TRY IT => Say how many of the lines below include the word "marks", and write nothing else.

========================================

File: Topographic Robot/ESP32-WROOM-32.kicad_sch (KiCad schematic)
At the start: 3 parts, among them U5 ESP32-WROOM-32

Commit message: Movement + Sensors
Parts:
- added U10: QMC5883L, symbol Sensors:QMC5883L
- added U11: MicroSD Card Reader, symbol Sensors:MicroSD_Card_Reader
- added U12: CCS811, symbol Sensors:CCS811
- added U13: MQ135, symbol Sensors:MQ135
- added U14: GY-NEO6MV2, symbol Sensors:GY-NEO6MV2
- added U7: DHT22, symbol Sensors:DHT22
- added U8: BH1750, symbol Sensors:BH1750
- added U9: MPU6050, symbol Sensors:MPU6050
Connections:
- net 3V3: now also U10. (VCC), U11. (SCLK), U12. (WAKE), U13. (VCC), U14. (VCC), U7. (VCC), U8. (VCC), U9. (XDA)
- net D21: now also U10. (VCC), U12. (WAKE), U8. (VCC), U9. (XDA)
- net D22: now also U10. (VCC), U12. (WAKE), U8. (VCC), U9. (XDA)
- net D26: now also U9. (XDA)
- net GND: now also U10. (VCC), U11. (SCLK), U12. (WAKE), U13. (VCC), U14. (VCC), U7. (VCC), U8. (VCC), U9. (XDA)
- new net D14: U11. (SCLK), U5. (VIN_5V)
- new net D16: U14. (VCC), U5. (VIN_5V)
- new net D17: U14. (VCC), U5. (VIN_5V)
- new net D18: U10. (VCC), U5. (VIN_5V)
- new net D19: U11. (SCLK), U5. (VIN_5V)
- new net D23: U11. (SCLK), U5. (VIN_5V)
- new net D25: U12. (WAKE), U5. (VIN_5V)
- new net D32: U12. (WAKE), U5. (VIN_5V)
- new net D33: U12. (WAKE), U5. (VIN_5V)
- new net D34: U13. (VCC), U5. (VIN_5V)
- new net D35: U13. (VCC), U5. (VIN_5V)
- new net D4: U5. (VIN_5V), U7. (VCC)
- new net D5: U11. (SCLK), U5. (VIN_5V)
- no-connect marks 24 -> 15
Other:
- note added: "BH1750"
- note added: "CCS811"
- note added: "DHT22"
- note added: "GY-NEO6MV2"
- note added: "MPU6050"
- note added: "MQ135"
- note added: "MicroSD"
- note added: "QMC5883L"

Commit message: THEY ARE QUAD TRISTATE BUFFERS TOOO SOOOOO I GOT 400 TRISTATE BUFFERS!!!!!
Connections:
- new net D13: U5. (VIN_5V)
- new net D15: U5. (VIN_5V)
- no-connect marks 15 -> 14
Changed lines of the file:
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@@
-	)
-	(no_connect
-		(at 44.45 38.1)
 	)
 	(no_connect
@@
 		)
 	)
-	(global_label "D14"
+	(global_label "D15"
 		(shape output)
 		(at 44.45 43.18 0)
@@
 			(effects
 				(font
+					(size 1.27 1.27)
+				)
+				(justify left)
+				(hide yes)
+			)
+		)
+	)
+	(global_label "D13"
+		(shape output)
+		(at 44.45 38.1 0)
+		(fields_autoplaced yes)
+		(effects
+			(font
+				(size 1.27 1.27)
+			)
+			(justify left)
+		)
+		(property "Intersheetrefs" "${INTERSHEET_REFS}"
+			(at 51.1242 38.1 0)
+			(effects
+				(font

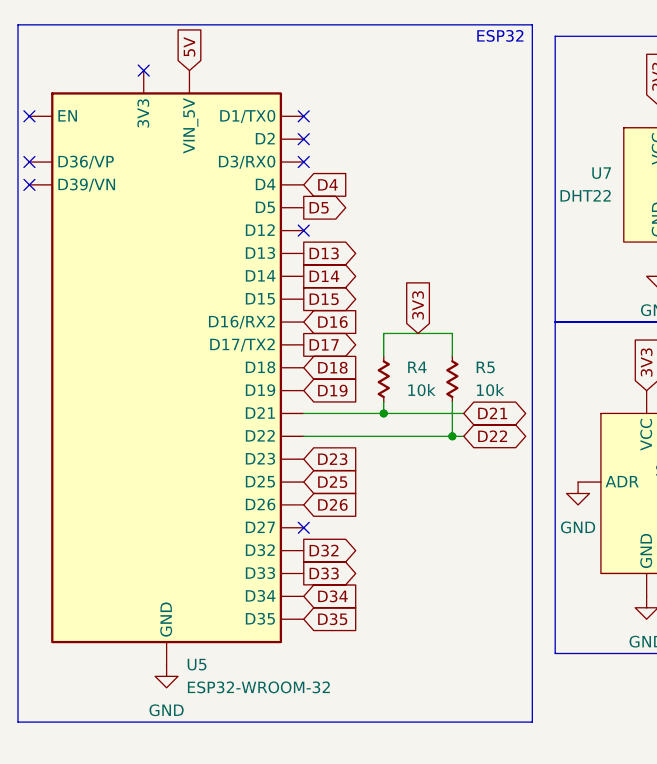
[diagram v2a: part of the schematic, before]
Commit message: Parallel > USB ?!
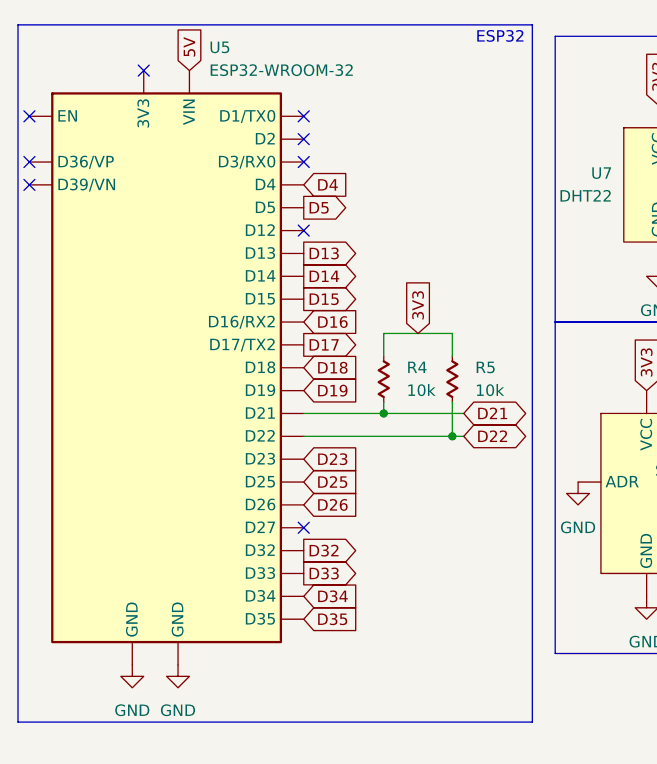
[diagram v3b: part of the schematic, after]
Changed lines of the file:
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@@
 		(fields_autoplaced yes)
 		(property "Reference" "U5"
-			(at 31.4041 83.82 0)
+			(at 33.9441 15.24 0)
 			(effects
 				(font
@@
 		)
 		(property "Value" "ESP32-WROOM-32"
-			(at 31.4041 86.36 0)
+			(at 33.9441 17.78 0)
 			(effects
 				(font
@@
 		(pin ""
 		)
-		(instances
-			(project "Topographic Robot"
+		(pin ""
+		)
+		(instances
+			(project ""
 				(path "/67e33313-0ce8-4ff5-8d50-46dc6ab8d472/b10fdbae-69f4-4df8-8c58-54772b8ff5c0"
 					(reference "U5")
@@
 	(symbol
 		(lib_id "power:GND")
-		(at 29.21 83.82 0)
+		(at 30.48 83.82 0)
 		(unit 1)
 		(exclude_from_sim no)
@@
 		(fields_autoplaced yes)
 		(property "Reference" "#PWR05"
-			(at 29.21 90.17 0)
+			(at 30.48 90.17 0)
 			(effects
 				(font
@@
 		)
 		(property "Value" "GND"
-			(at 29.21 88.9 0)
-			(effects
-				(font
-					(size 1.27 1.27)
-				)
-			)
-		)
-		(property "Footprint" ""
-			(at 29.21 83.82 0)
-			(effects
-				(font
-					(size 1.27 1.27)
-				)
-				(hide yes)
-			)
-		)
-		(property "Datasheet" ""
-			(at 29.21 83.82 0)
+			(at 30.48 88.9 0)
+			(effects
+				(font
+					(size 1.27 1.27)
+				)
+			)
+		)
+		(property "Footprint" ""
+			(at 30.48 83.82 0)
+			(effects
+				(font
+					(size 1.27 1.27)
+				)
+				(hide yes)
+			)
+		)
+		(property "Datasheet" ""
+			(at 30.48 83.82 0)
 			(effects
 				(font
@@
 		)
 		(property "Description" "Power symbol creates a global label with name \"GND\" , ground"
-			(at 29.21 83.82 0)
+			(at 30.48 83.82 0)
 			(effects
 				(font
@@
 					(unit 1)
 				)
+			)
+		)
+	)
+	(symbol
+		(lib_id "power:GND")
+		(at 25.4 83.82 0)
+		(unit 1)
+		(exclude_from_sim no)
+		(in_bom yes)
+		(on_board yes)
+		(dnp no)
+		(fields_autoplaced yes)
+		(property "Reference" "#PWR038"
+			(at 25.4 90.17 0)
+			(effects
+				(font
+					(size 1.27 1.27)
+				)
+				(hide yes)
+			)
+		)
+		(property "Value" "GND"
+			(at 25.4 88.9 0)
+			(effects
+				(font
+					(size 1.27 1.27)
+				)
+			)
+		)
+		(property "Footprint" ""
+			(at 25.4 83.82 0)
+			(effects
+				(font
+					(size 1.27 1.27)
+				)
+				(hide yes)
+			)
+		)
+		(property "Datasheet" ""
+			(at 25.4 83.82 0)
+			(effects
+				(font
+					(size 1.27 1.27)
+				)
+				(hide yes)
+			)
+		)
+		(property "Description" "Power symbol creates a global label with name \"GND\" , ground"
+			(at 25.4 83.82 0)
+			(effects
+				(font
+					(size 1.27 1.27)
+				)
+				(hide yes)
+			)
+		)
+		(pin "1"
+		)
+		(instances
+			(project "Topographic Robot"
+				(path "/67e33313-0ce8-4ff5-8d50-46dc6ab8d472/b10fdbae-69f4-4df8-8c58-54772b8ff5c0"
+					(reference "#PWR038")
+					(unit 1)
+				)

========================================

REPLY TO THE EXERCISE => 2